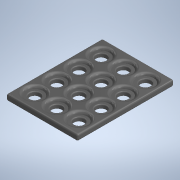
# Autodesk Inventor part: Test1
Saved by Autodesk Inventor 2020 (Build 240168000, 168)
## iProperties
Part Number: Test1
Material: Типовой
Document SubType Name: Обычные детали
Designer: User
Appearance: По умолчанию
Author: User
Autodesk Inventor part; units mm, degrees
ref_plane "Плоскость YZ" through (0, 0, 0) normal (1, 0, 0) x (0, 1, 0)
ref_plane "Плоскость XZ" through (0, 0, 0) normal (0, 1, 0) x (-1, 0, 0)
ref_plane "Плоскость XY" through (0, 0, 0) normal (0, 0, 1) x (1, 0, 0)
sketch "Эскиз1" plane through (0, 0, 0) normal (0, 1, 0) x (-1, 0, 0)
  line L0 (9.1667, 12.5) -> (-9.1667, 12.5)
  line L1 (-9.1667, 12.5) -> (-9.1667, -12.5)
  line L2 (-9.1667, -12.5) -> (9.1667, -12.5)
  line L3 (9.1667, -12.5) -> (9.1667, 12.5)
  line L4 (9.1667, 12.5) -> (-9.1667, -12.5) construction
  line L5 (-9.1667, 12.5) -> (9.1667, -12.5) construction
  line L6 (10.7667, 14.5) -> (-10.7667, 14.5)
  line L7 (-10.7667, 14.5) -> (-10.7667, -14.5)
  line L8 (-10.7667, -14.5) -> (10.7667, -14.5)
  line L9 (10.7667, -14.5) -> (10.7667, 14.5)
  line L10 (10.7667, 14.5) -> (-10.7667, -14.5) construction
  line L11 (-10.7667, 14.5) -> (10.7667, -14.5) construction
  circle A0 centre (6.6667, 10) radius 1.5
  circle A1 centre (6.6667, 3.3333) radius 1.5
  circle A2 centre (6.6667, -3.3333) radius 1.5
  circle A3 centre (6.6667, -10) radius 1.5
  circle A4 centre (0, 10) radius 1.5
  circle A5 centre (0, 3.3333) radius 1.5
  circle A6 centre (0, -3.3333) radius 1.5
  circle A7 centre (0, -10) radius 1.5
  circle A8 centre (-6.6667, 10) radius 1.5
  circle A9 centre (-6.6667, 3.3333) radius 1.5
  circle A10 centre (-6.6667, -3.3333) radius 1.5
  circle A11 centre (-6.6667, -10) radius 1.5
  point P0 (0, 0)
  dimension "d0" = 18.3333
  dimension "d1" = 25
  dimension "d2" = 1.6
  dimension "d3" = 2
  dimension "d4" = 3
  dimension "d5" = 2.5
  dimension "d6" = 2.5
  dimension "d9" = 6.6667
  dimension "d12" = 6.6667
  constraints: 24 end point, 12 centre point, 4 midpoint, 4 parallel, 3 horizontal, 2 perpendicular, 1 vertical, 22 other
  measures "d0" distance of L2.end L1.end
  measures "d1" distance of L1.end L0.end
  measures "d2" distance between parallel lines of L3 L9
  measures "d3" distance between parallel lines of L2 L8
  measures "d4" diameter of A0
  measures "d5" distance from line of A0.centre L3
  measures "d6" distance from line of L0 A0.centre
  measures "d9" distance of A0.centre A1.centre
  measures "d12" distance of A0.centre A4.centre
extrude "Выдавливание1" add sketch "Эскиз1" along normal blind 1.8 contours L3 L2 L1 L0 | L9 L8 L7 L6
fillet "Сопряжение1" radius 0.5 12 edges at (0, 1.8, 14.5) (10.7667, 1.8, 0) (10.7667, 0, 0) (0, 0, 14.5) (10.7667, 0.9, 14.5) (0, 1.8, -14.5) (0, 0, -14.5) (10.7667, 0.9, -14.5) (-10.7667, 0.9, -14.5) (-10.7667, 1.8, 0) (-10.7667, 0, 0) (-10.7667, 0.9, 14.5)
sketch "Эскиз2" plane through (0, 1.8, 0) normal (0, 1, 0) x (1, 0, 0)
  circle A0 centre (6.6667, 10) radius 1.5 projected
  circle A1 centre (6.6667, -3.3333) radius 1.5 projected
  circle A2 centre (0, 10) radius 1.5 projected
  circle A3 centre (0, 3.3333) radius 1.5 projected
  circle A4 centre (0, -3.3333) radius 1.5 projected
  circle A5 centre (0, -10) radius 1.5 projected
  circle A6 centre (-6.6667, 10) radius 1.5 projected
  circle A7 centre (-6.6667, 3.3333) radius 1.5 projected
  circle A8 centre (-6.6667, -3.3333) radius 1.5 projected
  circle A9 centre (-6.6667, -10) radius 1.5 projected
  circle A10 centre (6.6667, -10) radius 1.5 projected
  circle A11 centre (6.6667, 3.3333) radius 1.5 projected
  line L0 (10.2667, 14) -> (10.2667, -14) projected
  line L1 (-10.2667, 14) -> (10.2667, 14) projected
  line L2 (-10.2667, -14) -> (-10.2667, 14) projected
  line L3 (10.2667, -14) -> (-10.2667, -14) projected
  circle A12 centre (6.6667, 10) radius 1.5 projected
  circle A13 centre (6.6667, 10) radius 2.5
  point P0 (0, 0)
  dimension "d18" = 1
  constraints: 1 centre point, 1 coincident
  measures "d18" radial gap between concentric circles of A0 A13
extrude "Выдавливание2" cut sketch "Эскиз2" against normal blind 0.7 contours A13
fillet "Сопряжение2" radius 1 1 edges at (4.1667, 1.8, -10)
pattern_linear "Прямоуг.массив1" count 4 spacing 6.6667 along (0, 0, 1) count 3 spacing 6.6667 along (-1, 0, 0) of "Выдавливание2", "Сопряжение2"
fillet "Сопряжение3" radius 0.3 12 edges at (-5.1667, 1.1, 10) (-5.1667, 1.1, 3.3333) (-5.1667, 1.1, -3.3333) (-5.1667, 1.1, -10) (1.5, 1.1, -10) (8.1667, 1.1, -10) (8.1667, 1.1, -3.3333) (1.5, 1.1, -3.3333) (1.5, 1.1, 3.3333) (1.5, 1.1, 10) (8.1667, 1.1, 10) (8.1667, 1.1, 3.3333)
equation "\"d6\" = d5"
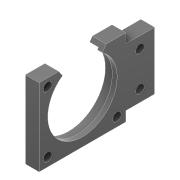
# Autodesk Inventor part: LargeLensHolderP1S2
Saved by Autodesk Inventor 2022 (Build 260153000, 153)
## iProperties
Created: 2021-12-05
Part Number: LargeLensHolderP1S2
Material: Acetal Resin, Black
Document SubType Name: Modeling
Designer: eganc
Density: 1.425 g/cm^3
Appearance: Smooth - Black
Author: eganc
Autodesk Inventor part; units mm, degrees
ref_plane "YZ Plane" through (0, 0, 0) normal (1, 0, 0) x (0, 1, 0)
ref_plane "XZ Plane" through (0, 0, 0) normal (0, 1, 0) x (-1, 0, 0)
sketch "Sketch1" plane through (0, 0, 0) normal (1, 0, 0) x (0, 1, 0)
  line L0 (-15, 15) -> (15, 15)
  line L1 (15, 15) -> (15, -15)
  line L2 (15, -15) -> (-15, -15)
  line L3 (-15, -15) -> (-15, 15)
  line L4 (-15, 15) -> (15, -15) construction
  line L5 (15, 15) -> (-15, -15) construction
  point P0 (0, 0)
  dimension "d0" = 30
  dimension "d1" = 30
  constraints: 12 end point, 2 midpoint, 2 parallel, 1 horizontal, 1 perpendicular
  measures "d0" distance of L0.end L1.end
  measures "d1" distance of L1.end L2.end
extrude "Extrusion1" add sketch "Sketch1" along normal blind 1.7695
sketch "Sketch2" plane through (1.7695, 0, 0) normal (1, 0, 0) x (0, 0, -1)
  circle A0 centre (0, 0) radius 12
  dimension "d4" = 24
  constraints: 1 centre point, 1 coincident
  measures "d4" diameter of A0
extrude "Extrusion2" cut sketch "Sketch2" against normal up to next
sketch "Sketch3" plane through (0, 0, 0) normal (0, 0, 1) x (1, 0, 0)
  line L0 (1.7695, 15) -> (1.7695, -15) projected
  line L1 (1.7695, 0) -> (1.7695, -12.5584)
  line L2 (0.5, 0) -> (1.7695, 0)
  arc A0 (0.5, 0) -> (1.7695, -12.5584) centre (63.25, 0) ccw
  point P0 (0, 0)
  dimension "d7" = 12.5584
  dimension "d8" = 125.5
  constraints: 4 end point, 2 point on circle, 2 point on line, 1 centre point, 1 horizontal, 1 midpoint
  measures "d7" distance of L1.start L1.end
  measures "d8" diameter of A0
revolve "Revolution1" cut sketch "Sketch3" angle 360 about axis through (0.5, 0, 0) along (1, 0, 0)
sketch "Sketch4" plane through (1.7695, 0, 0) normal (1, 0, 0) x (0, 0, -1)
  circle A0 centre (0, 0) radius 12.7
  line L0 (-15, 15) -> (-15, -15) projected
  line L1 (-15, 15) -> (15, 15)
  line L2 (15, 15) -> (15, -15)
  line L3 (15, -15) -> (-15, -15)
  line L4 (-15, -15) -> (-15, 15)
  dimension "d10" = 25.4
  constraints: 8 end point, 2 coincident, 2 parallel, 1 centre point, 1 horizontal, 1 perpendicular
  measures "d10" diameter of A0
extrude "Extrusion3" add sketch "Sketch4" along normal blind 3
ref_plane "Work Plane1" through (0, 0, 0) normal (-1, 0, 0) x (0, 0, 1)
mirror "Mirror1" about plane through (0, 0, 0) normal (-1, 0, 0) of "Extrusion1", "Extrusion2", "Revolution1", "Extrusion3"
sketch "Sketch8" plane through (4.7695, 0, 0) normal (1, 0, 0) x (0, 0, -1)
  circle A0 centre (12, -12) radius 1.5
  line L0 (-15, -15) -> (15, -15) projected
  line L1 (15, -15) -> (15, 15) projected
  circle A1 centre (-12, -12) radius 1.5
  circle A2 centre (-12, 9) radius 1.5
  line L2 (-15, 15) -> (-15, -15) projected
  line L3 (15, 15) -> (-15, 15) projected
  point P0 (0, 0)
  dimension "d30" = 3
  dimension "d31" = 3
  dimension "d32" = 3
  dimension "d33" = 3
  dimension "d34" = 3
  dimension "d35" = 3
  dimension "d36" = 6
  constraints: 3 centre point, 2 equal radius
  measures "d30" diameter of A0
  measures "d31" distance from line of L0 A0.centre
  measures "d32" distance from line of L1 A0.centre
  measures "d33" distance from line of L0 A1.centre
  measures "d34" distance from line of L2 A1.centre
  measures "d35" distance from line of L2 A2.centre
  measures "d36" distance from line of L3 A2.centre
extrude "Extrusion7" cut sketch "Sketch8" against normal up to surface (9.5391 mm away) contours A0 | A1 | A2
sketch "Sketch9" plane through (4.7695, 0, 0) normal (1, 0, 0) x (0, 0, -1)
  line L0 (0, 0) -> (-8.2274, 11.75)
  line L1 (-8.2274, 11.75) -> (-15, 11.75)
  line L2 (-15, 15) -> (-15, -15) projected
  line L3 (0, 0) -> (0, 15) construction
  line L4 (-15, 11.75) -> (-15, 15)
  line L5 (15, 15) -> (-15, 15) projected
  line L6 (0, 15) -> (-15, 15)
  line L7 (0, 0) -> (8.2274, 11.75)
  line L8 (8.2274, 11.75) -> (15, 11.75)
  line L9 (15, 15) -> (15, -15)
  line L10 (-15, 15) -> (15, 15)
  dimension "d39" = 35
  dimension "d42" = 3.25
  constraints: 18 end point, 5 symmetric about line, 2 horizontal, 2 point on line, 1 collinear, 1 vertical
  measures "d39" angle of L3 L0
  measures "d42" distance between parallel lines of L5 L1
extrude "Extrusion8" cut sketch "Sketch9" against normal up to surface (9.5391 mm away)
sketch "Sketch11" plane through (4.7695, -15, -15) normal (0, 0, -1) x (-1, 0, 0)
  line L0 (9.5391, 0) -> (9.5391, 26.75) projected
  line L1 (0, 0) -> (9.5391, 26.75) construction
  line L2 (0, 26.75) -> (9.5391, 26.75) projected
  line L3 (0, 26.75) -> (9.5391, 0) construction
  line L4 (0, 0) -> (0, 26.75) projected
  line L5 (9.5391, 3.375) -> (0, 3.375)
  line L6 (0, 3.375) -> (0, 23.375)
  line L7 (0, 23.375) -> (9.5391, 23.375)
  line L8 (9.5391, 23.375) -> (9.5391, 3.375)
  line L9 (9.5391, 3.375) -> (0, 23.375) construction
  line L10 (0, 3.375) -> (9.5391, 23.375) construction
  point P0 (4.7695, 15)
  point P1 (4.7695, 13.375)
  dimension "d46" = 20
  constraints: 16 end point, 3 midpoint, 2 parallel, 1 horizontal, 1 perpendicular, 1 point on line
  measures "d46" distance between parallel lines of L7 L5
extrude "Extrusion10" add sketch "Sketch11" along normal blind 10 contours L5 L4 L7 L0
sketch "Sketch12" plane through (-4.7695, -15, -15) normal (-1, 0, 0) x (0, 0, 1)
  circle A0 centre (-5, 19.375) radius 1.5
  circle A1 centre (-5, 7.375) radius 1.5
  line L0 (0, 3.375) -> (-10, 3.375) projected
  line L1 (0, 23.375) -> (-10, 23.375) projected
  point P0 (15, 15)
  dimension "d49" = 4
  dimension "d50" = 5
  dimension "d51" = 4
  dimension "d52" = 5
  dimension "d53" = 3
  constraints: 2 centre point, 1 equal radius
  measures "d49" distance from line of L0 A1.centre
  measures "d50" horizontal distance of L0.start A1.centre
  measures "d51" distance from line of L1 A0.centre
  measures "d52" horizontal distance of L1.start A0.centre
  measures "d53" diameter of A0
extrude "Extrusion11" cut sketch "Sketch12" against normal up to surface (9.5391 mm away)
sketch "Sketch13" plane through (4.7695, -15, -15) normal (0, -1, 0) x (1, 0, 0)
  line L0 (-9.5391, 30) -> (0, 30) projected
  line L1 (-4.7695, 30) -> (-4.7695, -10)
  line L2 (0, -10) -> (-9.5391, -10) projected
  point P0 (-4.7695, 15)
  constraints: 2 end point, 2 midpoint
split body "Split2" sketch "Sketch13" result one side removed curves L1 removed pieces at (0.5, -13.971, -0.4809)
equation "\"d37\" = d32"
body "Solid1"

____________________

* YOUR TASK:
Return each line among the entries that holds the word "along".

* RESPONSE AREA:
extrude "Выдавливание1" add sketch "Эскиз1" along normal blind 1.8 contours L3 L2 L1 L0 | L9 L8 L7 L6
pattern_linear "Прямоуг.массив1" count 4 spacing 6.6667 along (0, 0, 1) count 3 spacing 6.6667 along (-1, 0, 0) of "Выдавливание2", "Сопряжение2"
extrude "Extrusion1" add sketch "Sketch1" along normal blind 1.7695
revolve "Revolution1" cut sketch "Sketch3" angle 360 about axis through (0.5, 0, 0) along (1, 0, 0)
extrude "Extrusion3" add sketch "Sketch4" along normal blind 3
extrude "Extrusion10" add sketch "Sketch11" along normal blind 10 contours L5 L4 L7 L0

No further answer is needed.